# just another pf / ipfw thread



## Alexander Huemeyer (Mar 29, 2017)

Hi,
I know there is lots of information, I just see a lot FreeBSD users prefer PF over IPFW. I'm about to set up a larger environment and planing to use (mostly) FreeBSD, so my question:

If ipfw fits all my needs, is there any reason to prefer pf? I'm used to both syntaxes (as far needed).

thanks


----------



## SirDice (Mar 29, 2017)

Alexander Huemeyer said:


> If ipfw fits all my needs, is there any reason to prefer pf?


Simple answer, no.


----------



## bryn1u (May 12, 2017)

Hello,

I don't want to create new separate topic that's why im asking here. Anyone can tell me IPFW is still developing and does it have any new features ? Where can i find additional information about IPFW ?

Thank you,


----------



## SirDice (May 12, 2017)

IPFW is FreeBSD's own firewall, so yes, it's still actively developed.

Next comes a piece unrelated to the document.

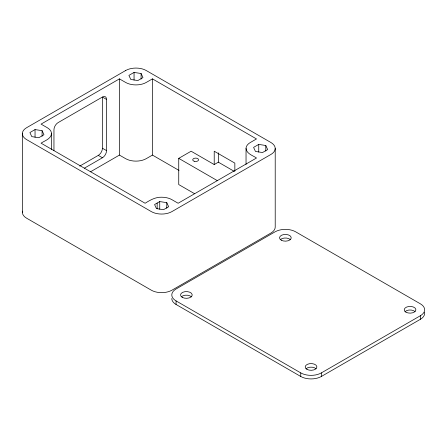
<?xml version="1.0" encoding="UTF-8"?>
<svg xmlns="http://www.w3.org/2000/svg" width="447" height="447" viewBox="0 0 447 447"><rect width="100%" height="100%" fill="white"/><g stroke="black" fill="none" stroke-linecap="round" stroke-linejoin="round"><path stroke-width="0.67" d="M51.522 133.647C50.986 139 44.812 140.604 41.063 143.174L145.119 203.256C150.103 200.088 155.511 197.015 161.618 197.216A14.583 8.42 0 0 1 171.933 199.68L178.124 203.256L256.5 158.003C252.751 155.427 246.576 153.829 246.04 148.477A14.583 8.42 0 0 1 250.314 142.52L256.5 138.95L152.444 78.873L146.253 82.444A14.583 8.42 0 0 1 125.629 82.444L119.438 78.873L41.063 124.121L47.248 127.697A14.583 8.42 0 0 1 51.522 133.647L51.522 149.589M35.045 129.585L29.893 132.558L31.776 136.626L38.822 137.715L43.979 134.737L42.091 130.675L35.045 129.585L35.045 137.246M134.055 72.42L128.898 75.398L130.787 79.465L137.827 80.555L142.984 77.577L141.096 73.515L134.055 72.42L134.055 80.086M79.722 166.111L98.301 155.383A5.833 3.369 -60 0 0 102.424 148.236L102.424 97.033L58.076 122.634A5.833 3.369 -60 0 0 53.953 129.781L53.953 150.538M84.444 168.145L102.424 157.763A5.833 3.369 -60 0 0 106.548 150.622L106.548 99.413A5.833 3.369 -60 0 0 102.424 97.033L106.548 99.413M90.501 171.793L119.438 155.087L125.629 158.657A14.583 8.42 0 0 0 146.253 158.657L152.444 155.087L179.029 170.436M194.423 193.612L178.739 184.561L178.739 158.361L191.115 151.215L214.219 164.552L218.343 162.172L234.256 171.357M159.735 201.569L154.578 204.547L156.467 208.615L163.507 209.704L168.664 206.726L166.776 202.659L159.735 201.569L159.735 209.23M258.74 144.409L253.583 147.387L255.472 151.455L262.518 152.544L267.669 149.566L265.786 145.498L258.74 144.409L258.74 152.069M176.062 300.904L300.747 372.893A14.583 8.42 0 0 0 321.371 372.893L420.376 315.733A14.583 8.42 0 0 0 420.376 303.826L295.69 231.837A14.583 8.42 0 0 0 275.067 231.837L176.062 288.997A14.583 8.42 0 0 0 176.062 300.904L176.062 304.48L300.747 376.463A14.583 8.42 0 0 0 321.371 376.463L420.376 319.303A14.583 8.42 0 0 0 424.527 312.252M178.739 158.361L217.348 180.649M102.424 148.236L106.548 150.622M98.301 155.383L102.424 157.763M420.376 315.733L420.376 319.303M321.371 372.893L321.371 376.463M300.747 372.893L300.747 376.463M275.212 148.477L275.212 227.07A14.583 8.42 0 0 1 270.938 233.027L171.933 290.187A14.583 8.42 0 0 1 151.309 290.187L26.624 218.203A14.583 8.42 0 0 1 22.473 211.146M265.786 145.498L265.786 151.069M246.04 148.477L246.04 164.412M234.843 171.128L234.843 163.121L214.219 151.215L214.219 164.552M218.343 152.835L218.343 162.172M166.776 202.659L166.776 208.229M157.154 203.061L157.154 208.632M152.444 78.873L152.444 155.087M141.096 73.515L141.096 79.085M119.438 78.873L119.438 155.087M42.091 130.675L42.091 136.246M22.35 133.647L22.35 212.247M176.062 304.48A14.583 8.42 0 0 1 171.788 298.523M306.005 368.825A5.833 3.369 0 0 1 316.113 368.825M405.01 311.665A5.833 3.369 0 0 1 415.118 311.665M181.32 296.842A5.833 3.369 0 0 1 191.428 296.842M280.325 239.681A5.833 3.369 0 0 1 290.433 239.681M125.629 70.537L26.624 127.697A14.583 8.42 0 0 0 26.624 139.604L151.309 211.593A14.583 8.42 0 0 0 171.933 211.593L270.938 154.433A14.583 8.42 0 0 0 270.938 142.52L146.253 70.537A14.583 8.42 0 0 0 125.629 70.537M405.937 312.157A5.833 3.369 0 0 0 415.699 310.648A5.833 3.369 0 0 0 408.552 306.525A5.833 3.369 0 0 0 405.937 312.157M306.933 369.323A5.833 3.369 0 0 0 316.694 367.808A5.833 3.369 0 0 0 309.547 363.685A5.833 3.369 0 0 0 306.933 369.323M182.247 297.333A5.833 3.369 0 0 0 192.009 295.825A5.833 3.369 0 0 0 184.862 291.695A5.833 3.369 0 0 0 182.247 297.333M281.252 240.173A5.833 3.369 0 0 0 291.014 238.664A5.833 3.369 0 0 0 283.867 234.535A5.833 3.369 0 0 0 281.252 240.173M194.194 161.25A2.917 1.682 0 0 0 198.574 159.791A2.917 1.682 0 0 0 194.194 158.333A2.917 1.682 0 0 0 194.194 161.25"/></g></svg>

> Where can i find additional information about IPFW?


Anything specific you're looking for? The handbook and the man pages are a good place to start.


----------



## Jeckt (May 12, 2017)

IPFW is still actively developed. Because it's a part of the base operating system, changes and new features are mostly noted in FreeBSD release notes.  The ipfw(8) man page covers a lot.


----------